The hypothesis of participants following (amplifying) the perturbation due to weak phonological representations was further investigated in a series of follow-up studies in which we ultimately combined the feedback perturbation paradigm with detailed articulatory and perceptual measures that are indicative for phonological representations. This series of studies focuses on individual differences in a correlational design and features only participants with typical speech development, to separate the role of phonological representations from the role of derived deficits that are concomitant in disordered populations, and therefore focused on adults (which also enabled larger sample sizes). Results of a first experiment comparing children and adults indicated similar mechanisms and similar within-group variation (Terband & van Brenk, 2015; van Brenk & Terband, 2020). Data collection of the second experiment is completed and the data is currently being analysed.
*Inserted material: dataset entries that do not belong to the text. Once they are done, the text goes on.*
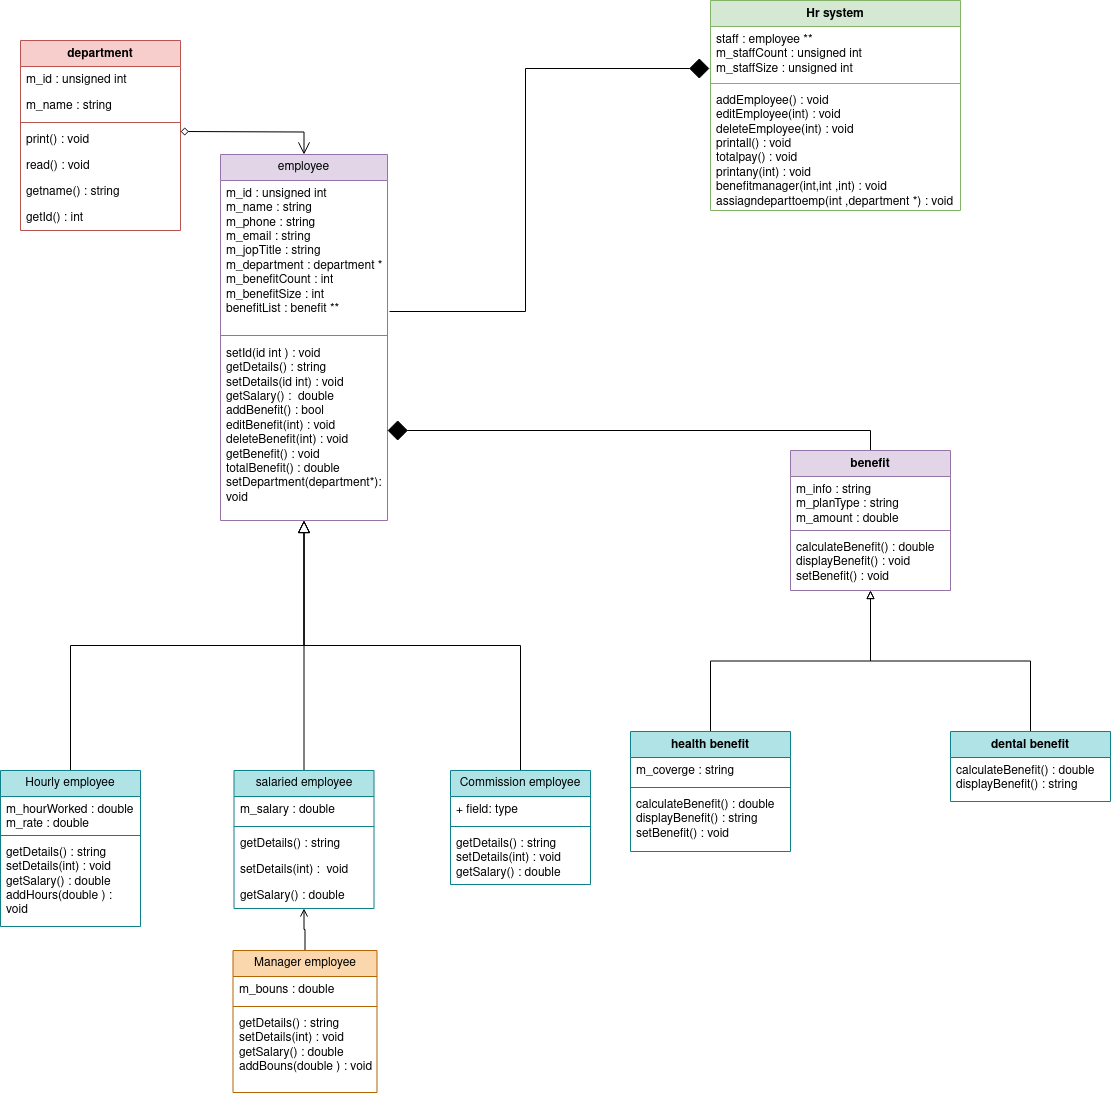

The diagram above was exported from draw.io. Its source (the exported page's mxGraphModel, read from the mxfile embedded in the PNG):
<mxGraphModel dx="812" dy="1561" grid="1" gridSize="10" guides="1" tooltips="1" connect="1" arrows="1" fold="1" page="1" pageScale="1" pageWidth="850" pageHeight="1100" math="0" shadow="0">
  <root>
    <mxCell id="0" />
    <mxCell id="1" parent="0" />
    <mxCell id="P-urZzfBPnVzpPHLFaNZ-24" style="edgeStyle=orthogonalEdgeStyle;rounded=0;orthogonalLoop=1;jettySize=auto;html=1;exitX=0.5;exitY=0;exitDx=0;exitDy=0;endArrow=block;endFill=0;endSize=10;" parent="1" source="P-urZzfBPnVzpPHLFaNZ-1" target="P-urZzfBPnVzpPHLFaNZ-18" edge="1">
      <mxGeometry relative="1" as="geometry" />
    </mxCell>
    <mxCell id="P-urZzfBPnVzpPHLFaNZ-1" value="salaried employee" style="swimlane;fontStyle=0;childLayout=stackLayout;horizontal=1;startSize=26;fillColor=#b0e3e6;horizontalStack=0;resizeParent=1;resizeParentMax=0;resizeLast=0;collapsible=1;marginBottom=0;whiteSpace=wrap;html=1;strokeColor=#0e8088;" parent="1" vertex="1">
      <mxGeometry x="333.5" y="450" width="140" height="138" as="geometry" />
    </mxCell>
    <mxCell id="P-urZzfBPnVzpPHLFaNZ-2" value="m_salary : double " style="text;strokeColor=none;fillColor=none;align=left;verticalAlign=top;spacingLeft=4;spacingRight=4;overflow=hidden;rotatable=0;points=[[0,0.5],[1,0.5]];portConstraint=eastwest;whiteSpace=wrap;html=1;" parent="P-urZzfBPnVzpPHLFaNZ-1" vertex="1">
      <mxGeometry y="26" width="140" height="26" as="geometry" />
    </mxCell>
    <mxCell id="P-urZzfBPnVzpPHLFaNZ-74" value="" style="line;strokeWidth=1;fillColor=none;align=left;verticalAlign=middle;spacingTop=-1;spacingLeft=3;spacingRight=3;rotatable=0;labelPosition=right;points=[];portConstraint=eastwest;strokeColor=inherit;" parent="P-urZzfBPnVzpPHLFaNZ-1" vertex="1">
      <mxGeometry y="52" width="140" height="8" as="geometry" />
    </mxCell>
    <mxCell id="P-urZzfBPnVzpPHLFaNZ-3" value="&lt;div&gt;  getDetails() : string&lt;/div&gt;" style="text;strokeColor=none;fillColor=none;align=left;verticalAlign=top;spacingLeft=4;spacingRight=4;overflow=hidden;rotatable=0;points=[[0,0.5],[1,0.5]];portConstraint=eastwest;whiteSpace=wrap;html=1;" parent="P-urZzfBPnVzpPHLFaNZ-1" vertex="1">
      <mxGeometry y="60" width="140" height="26" as="geometry" />
    </mxCell>
    <mxCell id="P-urZzfBPnVzpPHLFaNZ-4" value=" &lt;div&gt;setDetails(int) :&amp;nbsp; void &lt;/div&gt;" style="text;strokeColor=none;fillColor=none;align=left;verticalAlign=top;spacingLeft=4;spacingRight=4;overflow=hidden;rotatable=0;points=[[0,0.5],[1,0.5]];portConstraint=eastwest;whiteSpace=wrap;html=1;" parent="P-urZzfBPnVzpPHLFaNZ-1" vertex="1">
      <mxGeometry y="86" width="140" height="26" as="geometry" />
    </mxCell>
    <mxCell id="P-urZzfBPnVzpPHLFaNZ-82" value="getSalary() : double " style="text;strokeColor=none;fillColor=none;align=left;verticalAlign=top;spacingLeft=4;spacingRight=4;overflow=hidden;rotatable=0;points=[[0,0.5],[1,0.5]];portConstraint=eastwest;whiteSpace=wrap;html=1;" parent="P-urZzfBPnVzpPHLFaNZ-1" vertex="1">
      <mxGeometry y="112" width="140" height="26" as="geometry" />
    </mxCell>
    <mxCell id="P-urZzfBPnVzpPHLFaNZ-81" style="edgeStyle=orthogonalEdgeStyle;rounded=0;orthogonalLoop=1;jettySize=auto;html=1;exitX=0.5;exitY=0;exitDx=0;exitDy=0;endArrow=block;endFill=0;endSize=10;" parent="1" source="P-urZzfBPnVzpPHLFaNZ-5" target="P-urZzfBPnVzpPHLFaNZ-18" edge="1">
      <mxGeometry relative="1" as="geometry" />
    </mxCell>
    <mxCell id="P-urZzfBPnVzpPHLFaNZ-5" value="Commission employee" style="swimlane;fontStyle=0;childLayout=stackLayout;horizontal=1;startSize=26;fillColor=#b0e3e6;horizontalStack=0;resizeParent=1;resizeParentMax=0;resizeLast=0;collapsible=1;marginBottom=0;whiteSpace=wrap;html=1;strokeColor=#0e8088;" parent="1" vertex="1">
      <mxGeometry x="550" y="450" width="140" height="114" as="geometry" />
    </mxCell>
    <mxCell id="P-urZzfBPnVzpPHLFaNZ-6" value="+ field: type" style="text;strokeColor=none;fillColor=none;align=left;verticalAlign=top;spacingLeft=4;spacingRight=4;overflow=hidden;rotatable=0;points=[[0,0.5],[1,0.5]];portConstraint=eastwest;whiteSpace=wrap;html=1;" parent="P-urZzfBPnVzpPHLFaNZ-5" vertex="1">
      <mxGeometry y="26" width="140" height="26" as="geometry" />
    </mxCell>
    <mxCell id="P-urZzfBPnVzpPHLFaNZ-75" value="" style="line;strokeWidth=1;fillColor=none;align=left;verticalAlign=middle;spacingTop=-1;spacingLeft=3;spacingRight=3;rotatable=0;labelPosition=right;points=[];portConstraint=eastwest;strokeColor=inherit;" parent="P-urZzfBPnVzpPHLFaNZ-5" vertex="1">
      <mxGeometry y="52" width="140" height="8" as="geometry" />
    </mxCell>
    <mxCell id="P-urZzfBPnVzpPHLFaNZ-7" value="  getDetails() : string &lt;br&gt;setDetails(int) : void &lt;br&gt;getSalary() : double &lt;br&gt;" style="text;strokeColor=none;fillColor=none;align=left;verticalAlign=top;spacingLeft=4;spacingRight=4;overflow=hidden;rotatable=0;points=[[0,0.5],[1,0.5]];portConstraint=eastwest;whiteSpace=wrap;html=1;" parent="P-urZzfBPnVzpPHLFaNZ-5" vertex="1">
      <mxGeometry y="60" width="140" height="54" as="geometry" />
    </mxCell>
    <mxCell id="P-urZzfBPnVzpPHLFaNZ-23" style="edgeStyle=orthogonalEdgeStyle;rounded=0;orthogonalLoop=1;jettySize=auto;html=1;exitX=0.5;exitY=0;exitDx=0;exitDy=0;endArrow=block;endFill=0;endSize=10;" parent="1" source="P-urZzfBPnVzpPHLFaNZ-9" target="P-urZzfBPnVzpPHLFaNZ-18" edge="1">
      <mxGeometry relative="1" as="geometry" />
    </mxCell>
    <mxCell id="P-urZzfBPnVzpPHLFaNZ-9" value="Hourly employee" style="swimlane;fontStyle=0;childLayout=stackLayout;horizontal=1;startSize=26;fillColor=#b0e3e6;horizontalStack=0;resizeParent=1;resizeParentMax=0;resizeLast=0;collapsible=1;marginBottom=0;whiteSpace=wrap;html=1;strokeColor=#0e8088;" parent="1" vertex="1">
      <mxGeometry x="100" y="450" width="140" height="156" as="geometry" />
    </mxCell>
    <mxCell id="P-urZzfBPnVzpPHLFaNZ-10" value="&lt;div&gt;m_hourWorked : double &lt;br&gt;&lt;/div&gt;&lt;div&gt;m_rate : double &lt;/div&gt;" style="text;strokeColor=none;fillColor=none;align=left;verticalAlign=top;spacingLeft=4;spacingRight=4;overflow=hidden;rotatable=0;points=[[0,0.5],[1,0.5]];portConstraint=eastwest;whiteSpace=wrap;html=1;" parent="P-urZzfBPnVzpPHLFaNZ-9" vertex="1">
      <mxGeometry y="26" width="140" height="35" as="geometry" />
    </mxCell>
    <mxCell id="P-urZzfBPnVzpPHLFaNZ-72" value="" style="line;strokeWidth=1;fillColor=none;align=left;verticalAlign=middle;spacingTop=-1;spacingLeft=3;spacingRight=3;rotatable=0;labelPosition=right;points=[];portConstraint=eastwest;strokeColor=inherit;" parent="P-urZzfBPnVzpPHLFaNZ-9" vertex="1">
      <mxGeometry y="61" width="140" height="8" as="geometry" />
    </mxCell>
    <mxCell id="P-urZzfBPnVzpPHLFaNZ-11" value="  getDetails() : string &lt;br&gt;setDetails(int) : void &lt;br&gt;  getSalary() : double &lt;br&gt;  addHours(double ) : void &lt;br&gt;" style="text;strokeColor=none;fillColor=none;align=left;verticalAlign=top;spacingLeft=4;spacingRight=4;overflow=hidden;rotatable=0;points=[[0,0.5],[1,0.5]];portConstraint=eastwest;whiteSpace=wrap;html=1;" parent="P-urZzfBPnVzpPHLFaNZ-9" vertex="1">
      <mxGeometry y="69" width="140" height="87" as="geometry" />
    </mxCell>
    <mxCell id="P-urZzfBPnVzpPHLFaNZ-17" style="edgeStyle=orthogonalEdgeStyle;rounded=0;orthogonalLoop=1;jettySize=auto;html=1;exitX=0.5;exitY=0;exitDx=0;exitDy=0;endArrow=open;endFill=0;" parent="1" source="P-urZzfBPnVzpPHLFaNZ-13" target="P-urZzfBPnVzpPHLFaNZ-1" edge="1">
      <mxGeometry relative="1" as="geometry" />
    </mxCell>
    <mxCell id="P-urZzfBPnVzpPHLFaNZ-13" value="Manager employee" style="swimlane;fontStyle=0;childLayout=stackLayout;horizontal=1;startSize=26;fillColor=#fad7ac;horizontalStack=0;resizeParent=1;resizeParentMax=0;resizeLast=0;collapsible=1;marginBottom=0;whiteSpace=wrap;html=1;strokeColor=#b46504;" parent="1" vertex="1">
      <mxGeometry x="332.5" y="630" width="144" height="142" as="geometry" />
    </mxCell>
    <mxCell id="P-urZzfBPnVzpPHLFaNZ-14" value="  m_bouns : double &lt;br/&gt;" style="text;strokeColor=none;fillColor=none;align=left;verticalAlign=top;spacingLeft=4;spacingRight=4;overflow=hidden;rotatable=0;points=[[0,0.5],[1,0.5]];portConstraint=eastwest;whiteSpace=wrap;html=1;" parent="P-urZzfBPnVzpPHLFaNZ-13" vertex="1">
      <mxGeometry y="26" width="144" height="26" as="geometry" />
    </mxCell>
    <mxCell id="P-urZzfBPnVzpPHLFaNZ-76" value="" style="line;strokeWidth=1;fillColor=none;align=left;verticalAlign=middle;spacingTop=-1;spacingLeft=3;spacingRight=3;rotatable=0;labelPosition=right;points=[];portConstraint=eastwest;strokeColor=inherit;" parent="P-urZzfBPnVzpPHLFaNZ-13" vertex="1">
      <mxGeometry y="52" width="144" height="8" as="geometry" />
    </mxCell>
    <mxCell id="P-urZzfBPnVzpPHLFaNZ-15" value="&lt;div&gt;getDetails() : string &lt;br&gt;&lt;/div&gt;&lt;div&gt;setDetails(int) : void &lt;/div&gt;getSalary() : double &lt;br&gt;addBouns(double ) :   void &lt;br&gt;" style="text;strokeColor=none;fillColor=none;align=left;verticalAlign=top;spacingLeft=4;spacingRight=4;overflow=hidden;rotatable=0;points=[[0,0.5],[1,0.5]];portConstraint=eastwest;whiteSpace=wrap;html=1;" parent="P-urZzfBPnVzpPHLFaNZ-13" vertex="1">
      <mxGeometry y="60" width="144" height="82" as="geometry" />
    </mxCell>
    <mxCell id="P-urZzfBPnVzpPHLFaNZ-18" value="employee" style="swimlane;fontStyle=0;childLayout=stackLayout;horizontal=1;startSize=26;fillColor=#e1d5e7;horizontalStack=0;resizeParent=1;resizeParentMax=0;resizeLast=0;collapsible=1;marginBottom=0;whiteSpace=wrap;html=1;strokeColor=#9673a6;" parent="1" vertex="1">
      <mxGeometry x="320" y="-166" width="167" height="366" as="geometry" />
    </mxCell>
    <mxCell id="P-urZzfBPnVzpPHLFaNZ-32" value="&lt;div&gt;m_id : unsigned int &lt;br&gt;&lt;/div&gt;&lt;div&gt;m_name : string &lt;/div&gt;  m_phone : string&lt;br&gt;  m_email : string&lt;br&gt;  m_jopTitle : string&lt;br&gt;  m_department : department *&lt;br&gt;  m_benefitCount : int &lt;br&gt;&lt;div&gt;  m_benefitSize : int&lt;/div&gt;&lt;div&gt;benefitList : benefit **&lt;/div&gt;" style="text;strokeColor=none;fillColor=none;align=left;verticalAlign=top;spacingLeft=4;spacingRight=4;overflow=hidden;rotatable=0;points=[[0,0.5],[1,0.5]];portConstraint=eastwest;whiteSpace=wrap;html=1;" parent="P-urZzfBPnVzpPHLFaNZ-18" vertex="1">
      <mxGeometry y="26" width="167" height="150" as="geometry" />
    </mxCell>
    <mxCell id="P-urZzfBPnVzpPHLFaNZ-71" value="" style="line;strokeWidth=1;fillColor=none;align=left;verticalAlign=middle;spacingTop=-1;spacingLeft=3;spacingRight=3;rotatable=0;labelPosition=right;points=[];portConstraint=eastwest;strokeColor=inherit;" parent="P-urZzfBPnVzpPHLFaNZ-18" vertex="1">
      <mxGeometry y="176" width="167" height="10" as="geometry" />
    </mxCell>
    <mxCell id="P-urZzfBPnVzpPHLFaNZ-31" value="setId(id int ) : void &lt;br&gt;  getDetails() : string &lt;br&gt;setDetails(id int) : void getSalary() :&amp;nbsp; double&lt;br&gt;addBenefit() :  bool &lt;br&gt;  editBenefit(int) : void &lt;br&gt;  deleteBenefit(int) : void &lt;br&gt;  getBenefit() : void   totalBenefit() : double setDepartment(department*): &lt;br&gt;  void " style="text;strokeColor=none;fillColor=none;align=left;verticalAlign=top;spacingLeft=4;spacingRight=4;overflow=hidden;rotatable=0;points=[[0,0.5],[1,0.5]];portConstraint=eastwest;whiteSpace=wrap;html=1;aspect=fixed;" parent="P-urZzfBPnVzpPHLFaNZ-18" vertex="1">
      <mxGeometry y="186" width="167" height="180" as="geometry" />
    </mxCell>
    <mxCell id="P-urZzfBPnVzpPHLFaNZ-26" value="department" style="swimlane;fontStyle=1;align=center;verticalAlign=top;childLayout=stackLayout;horizontal=1;startSize=26;horizontalStack=0;resizeParent=1;resizeParentMax=0;resizeLast=0;collapsible=1;marginBottom=0;whiteSpace=wrap;html=1;fillColor=#f8cecc;strokeColor=#b85450;" parent="1" vertex="1">
      <mxGeometry x="120" y="-280" width="160" height="190" as="geometry" />
    </mxCell>
    <mxCell id="P-urZzfBPnVzpPHLFaNZ-29" value="m_id : unsigned int&amp;nbsp; " style="text;strokeColor=none;fillColor=none;align=left;verticalAlign=top;spacingLeft=4;spacingRight=4;overflow=hidden;rotatable=0;points=[[0,0.5],[1,0.5]];portConstraint=eastwest;whiteSpace=wrap;html=1;" parent="P-urZzfBPnVzpPHLFaNZ-26" vertex="1">
      <mxGeometry y="26" width="160" height="26" as="geometry" />
    </mxCell>
    <mxCell id="P-urZzfBPnVzpPHLFaNZ-66" value="m_name : string " style="text;strokeColor=none;fillColor=none;align=left;verticalAlign=top;spacingLeft=4;spacingRight=4;overflow=hidden;rotatable=0;points=[[0,0.5],[1,0.5]];portConstraint=eastwest;whiteSpace=wrap;html=1;" parent="P-urZzfBPnVzpPHLFaNZ-26" vertex="1">
      <mxGeometry y="52" width="160" height="26" as="geometry" />
    </mxCell>
    <mxCell id="P-urZzfBPnVzpPHLFaNZ-28" value="" style="line;strokeWidth=1;fillColor=none;align=left;verticalAlign=middle;spacingTop=-1;spacingLeft=3;spacingRight=3;rotatable=0;labelPosition=right;points=[];portConstraint=eastwest;strokeColor=inherit;" parent="P-urZzfBPnVzpPHLFaNZ-26" vertex="1">
      <mxGeometry y="78" width="160" height="8" as="geometry" />
    </mxCell>
    <mxCell id="P-urZzfBPnVzpPHLFaNZ-68" value="&lt;div&gt;print() : void &lt;br&gt;&lt;/div&gt;&lt;br&gt;" style="text;strokeColor=none;fillColor=none;align=left;verticalAlign=top;spacingLeft=4;spacingRight=4;overflow=hidden;rotatable=0;points=[[0,0.5],[1,0.5]];portConstraint=eastwest;whiteSpace=wrap;html=1;" parent="P-urZzfBPnVzpPHLFaNZ-26" vertex="1">
      <mxGeometry y="86" width="160" height="26" as="geometry" />
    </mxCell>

Largely based on the experimental results and insights gathered in this project, we have formulated a model of speech development and disorders that can serve as a framework for a process-oriented approach to diagnosis and treatment planning of childhood speech disorders (Terband & Maassen, 2012; Terband, Maassen, & Maas, 2016a, 2016b). The framework leaves the current diagnostic classifications based on a description of behavioural symptoms and comprises two general diagnostic categories labelled “speech delay” and “developmental speech disorder” (Terband et al., 2016a, 2016b; Terband, Maassen, & Maas, 2019). Within these categories, treatment goals are formulated on the level of processes. A diagnosis comprises the assessment of two aspects; 1. characterisation of the developmental trajectory, and 2. identification of the processes involved and isolating the underlying core deficit. This process-oriented approach holds important advantages over the traditional method of diagnostic classification. It offers direct leads for treatment aimed at the specific underlying impairment tailored to the specific needs of the individual that is evaluated and adjusted in the course of the speech disorder.
The development of the Computer Articulation Instrument (CAI; Maassen et al., 2019) and its clinical validation (Diepeveen, van Haaften, Terband, de Swart, & Maassen, 2019; van Haaften et al., 2019) exemplifies a first important first step toward a user-friendly computer-based process-oriented assessment battery, yielding a comprehensive standardized and norm referenced speech profile that allows the assessment and characterisation of the developmental trajectory. The next step is to identify the processes involved and isolate the underlying core deficit(s) by means of a structured comparison of tasks and conditions to directly manipulate speech processes. The required experimental research methodology, e.g. masking noise, auditory perturbation, distorting kinaesthetic feedback, and short learning tasks (brief diagnostic therapies), has become available only recently, and we are currently working on their further development and refinement, and subsequently implementation.